### EXERCISE
How many lines of the listing below contain "Autodesk"? State the number alone.
=== Section Start ===
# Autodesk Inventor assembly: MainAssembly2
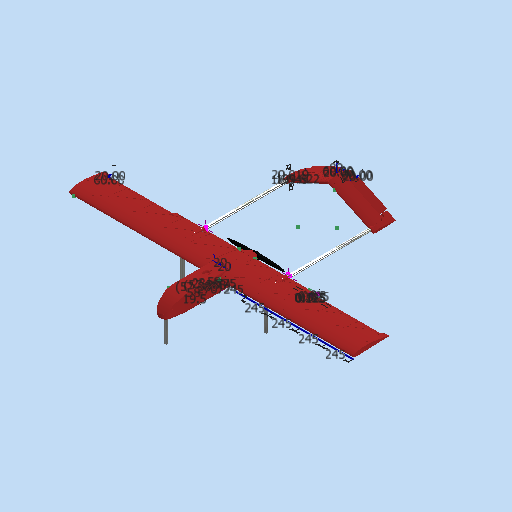
[picture p0: Inventor's stored thumbnail of the model, 512x512]
Saved by Autodesk Inventor 2027 (Build 310192060, 192F)
## iProperties
Created: 2026-04-16
Part Number: MainAssembly2
Document SubType Name: Assembly
Designer: mateo
Author: mateo
## Documents named in this file (22)
- C:\GitHub\SWIFT-UAV\System_development\Pelican\structural_model\v0.3.0\MainAssembly\MainAssembly2.iam
- C:\GitHub\SWIFT-UAV\System_development\Pelican\structural_model\v0.3.0\Parts\Fuselage\Fueselage.ipt
- C:\GitHub\SWIFT-UAV\System_development\Pelican\structural_model\v0.3.0\Parts\Wings\WingBox.ipt
- C:\GitHub\SWIFT-UAV\System_development\Pelican\structural_model\v0.3.0\Parts\Cover\FrontCover.ipt
- C:\GitHub\SWIFT-UAV\System_development\Pelican\structural_model\v0.3.0\Parts\Aluminum_20x20\20x20x1295ExtrudedAluminum.ipt
- C:\GitHub\SWIFT-UAV\System_development\Pelican\structural_model\v0.3.0\Parts\Aluminum_20x20\20x20x1295ExtrudedAluminum_MIR.ipt
- C:\GitHub\SWIFT-UAV\System_development\Pelican\structural_model\v0.3.0\Parts\Wings\WingLeft_v0.1.ipt
- C:\GitHub\SWIFT-UAV\System_development\Pelican\structural_model\v0.3.0\Parts\Wings\WingLeft_v0.1_MIR.ipt
- C:\GitHub\SWIFT-UAV\System_development\Pelican\structural_model\v0.3.0\Parts\Aluminum_20x20\20x20x800ExtrudedAluminum.ipt
- C:\GitHub\SWIFT-UAV\System_development\Pelican\structural_model\v0.3.0\Parts\Aluminum_20x20\20x20x800ExtrudedAluminum_MIR.ipt
- C:\GitHub\SWIFT-UAV\System_development\Pelican\structural_model\v0.3.0\Parts\Tail\Tail_V0.0.ipt
- C:\GitHub\SWIFT-UAV\System_development\Pelican\structural_model\v0.3.0\Parts\Tail\Vtail_V0.0.ipt
- C:\GitHub\SWIFT-UAV\System_development\Pelican\structural_model\v0.3.0\Parts\Tail\Vtail_MIR_V0.0.ipt
- C:\GitHub\SWIFT-UAV\System_development\Pelican\structural_model\v0.3.0\Parts\Wings\AlerionLeft_V0.1.ipt
- C:\GitHub\SWIFT-UAV\System_development\Pelican\structural_model\v0.3.0\Parts\Wings\AlerionLeft_MIR_V0.1.ipt
- C:\GitHub\SWIFT-UAV\System_development\Pelican\structural_model\v0.3.0\Avionics\X7215\X7215\X7215.ipt
- C:\GitHub\SWIFT-UAV\System_development\Pelican\structural_model\v0.3.0\Parts\Accessorys\Prop.ipt
- C:\GitHub\SWIFT-UAV\System_development\Pelican\structural_model\v0.3.0\Parts\Aluminum_20x20\20x20x785ExtrudedAluminum.ipt
- C:\GitHub\SWIFT-UAV\System_development\Pelican\structural_model\v0.3.0\Parts\Aluminum_20x20\20x20x230ExtrudedAluminum.ipt
- C:\GitHub\SWIFT-UAV\System_development\Pelican\structural_model\v0.3.0\Parts\Aluminum_20x20\20x20x330ExtrudedAluminum.ipt
- C:\Users\sunsh\OneDrive\Documents\GitHub\SWIFT-UAV\System_development\Pelican\structural_model\v0.3.0\Parts\4in_Wheel.ipt
- C:\GitHub\SWIFT-UAV\System_development\Pelican\structural_model\v0.3.0\Parts\Accessorys\UAV_Stand.ipt
## Components (27 placed, 21 different names)
1. Fueselage:1 — Mate:1, Mate:2, Mate:3, Mate:4, Flush:1, Mate:5, Mate:6, Mate:7, Insert:5, Mate:24, Mate:26, Mate:27
2. WingBox:1 — Mate:3, Mate:4, Flush:1, Mate:8, Mate:9, Flush:2, Mate:13, Mate:14
3. FrontCover:1 — Mate:5, Mate:6, Mate:7
4. 20x20x1295ExtrudedAluminum:1 — Mate:9, Flush:2, Mate:10, Mate:12, Mate:18, Mate:29
5. 20x20x1295ExtrudedAluminum_MIR:1 — Mate:8, Mate:10, Mate:11, Mate:17
6. WingLeft_v0.1:1 — Mate:11, Mate:13, Mate:15, Insert:3
7. WingLeft_v0.1_MIR:1 — Mate:12, Mate:14, Mate:16, Insert:4
8. 20x20x800ExtrudedAluminum:1 — Mate:15, Mate:17, Mate:20, Mate:21, Mate:22
9. 20x20x800ExtrudedAluminum_MIR:1 — Mate:16, Mate:18, Mate:23
10. Tail_V0.0:1 — Mate:20, Mate:21, Mate:22, Mate:23, Insert:1, Insert:2
11. Vtail_V0.0:1 — Insert:2
12. Vtail_MIR_V0.0:1 — Insert:1
13. AlerionLeft_V0.1:1 — Insert:4
14. AlerionLeft_MIR_V0.1:1 — Insert:3
15. X7215:1 — Insert:5, Insert:6
16. Prop:1 — Insert:6
17. 20x20x785ExtrudedAluminum:1 — Mate:24, Mate:26, Mate:27, Mate:28, Mate:37
18. 20x20x230ExtrudedAluminum:1 — Mate:28, Mate:33, Mate:34
19. 20x20x330ExtrudedAluminum:1 — Mate:29, Mate:31, Mate:32
20. 20x20x330ExtrudedAluminum:2 — Mate:35, Mate:36
21. 4in_Wheel:1 — Mate:34
22. 4in_Wheel:2 — Mate:33
23. 4in_Wheel:3 — Mate:31
24. 4in_Wheel:4 — Mate:32
25. 4in_Wheel:5 — Mate:36
26. 4in_Wheel:6 — Mate:35
27. UAV_Stand:1 — Mate:37
## Relationships (42: Mate 34, Insert 6, Flush 2)
- Mate:1: Fueselage:1
- Mate:2: Fueselage:1
- Mate:3: Fueselage:1 ↔ WingBox:1
- Mate:4: Fueselage:1 ↔ WingBox:1
- Flush:1: Fueselage:1 ↔ WingBox:1
- Mate:5: Fueselage:1 ↔ FrontCover:1
- Mate:6: Fueselage:1 ↔ FrontCover:1
- Mate:7: Fueselage:1 ↔ FrontCover:1
- Mate:8: WingBox:1 ↔ 20x20x1295ExtrudedAluminum_MIR:1
- Mate:9: WingBox:1 ↔ 20x20x1295ExtrudedAluminum:1
- Flush:2: WingBox:1 ↔ 20x20x1295ExtrudedAluminum:1
- Mate:10: 20x20x1295ExtrudedAluminum:1 ↔ 20x20x1295ExtrudedAluminum_MIR:1
- Mate:11: 20x20x1295ExtrudedAluminum_MIR:1 ↔ WingLeft_v0.1:1
- Mate:12: 20x20x1295ExtrudedAluminum:1 ↔ WingLeft_v0.1_MIR:1
- Mate:13: WingBox:1 ↔ WingLeft_v0.1:1
- Mate:14: WingBox:1 ↔ WingLeft_v0.1_MIR:1
- Mate:15: WingLeft_v0.1:1 ↔ 20x20x800ExtrudedAluminum:1
- Mate:16: WingLeft_v0.1_MIR:1 ↔ 20x20x800ExtrudedAluminum_MIR:1
- Mate:17: 20x20x1295ExtrudedAluminum_MIR:1 ↔ 20x20x800ExtrudedAluminum:1
- Mate:18: 20x20x1295ExtrudedAluminum:1 ↔ 20x20x800ExtrudedAluminum_MIR:1
- Mate:20 (76.2 mm): 20x20x800ExtrudedAluminum:1 ↔ Tail_V0.0:1
- Mate:21: 20x20x800ExtrudedAluminum:1 ↔ Tail_V0.0:1
- Mate:22: 20x20x800ExtrudedAluminum:1 ↔ Tail_V0.0:1
- Mate:23: 20x20x800ExtrudedAluminum_MIR:1 ↔ Tail_V0.0:1
- Insert:1: Tail_V0.0:1 ↔ Vtail_MIR_V0.0:1
- Insert:2: Tail_V0.0:1 ↔ Vtail_V0.0:1
- Insert:3 (5 mm): WingLeft_v0.1:1 ↔ AlerionLeft_MIR_V0.1:1
- Insert:4 (5 mm): WingLeft_v0.1_MIR:1 ↔ AlerionLeft_V0.1:1
- Insert:5 (-12.7 mm): Fueselage:1 ↔ X7215:1
- Insert:6 (-5.08 mm): X7215:1 ↔ Prop:1
- Mate:24: Fueselage:1 ↔ 20x20x785ExtrudedAluminum:1
- Mate:26: Fueselage:1 ↔ 20x20x785ExtrudedAluminum:1
- Mate:27: Fueselage:1 ↔ 20x20x785ExtrudedAluminum:1
- Mate:28: 20x20x785ExtrudedAluminum:1 ↔ 20x20x230ExtrudedAluminum:1
- Mate:29: 20x20x1295ExtrudedAluminum:1 ↔ 20x20x330ExtrudedAluminum:1
- Mate:31: 20x20x330ExtrudedAluminum:1 ↔ 4in_Wheel:3
- Mate:32: 20x20x330ExtrudedAluminum:1 ↔ 4in_Wheel:4
- Mate:33: 20x20x230ExtrudedAluminum:1 ↔ 4in_Wheel:2
- Mate:34: 20x20x230ExtrudedAluminum:1 ↔ 4in_Wheel:1
- Mate:35: 20x20x330ExtrudedAluminum:2 ↔ 4in_Wheel:6
- Mate:36: 20x20x330ExtrudedAluminum:2 ↔ 4in_Wheel:5
- Mate:37: 20x20x785ExtrudedAluminum:1 ↔ UAV_Stand:1
=== Section End ===
### ANSWER FOR THIS EXERCISE
2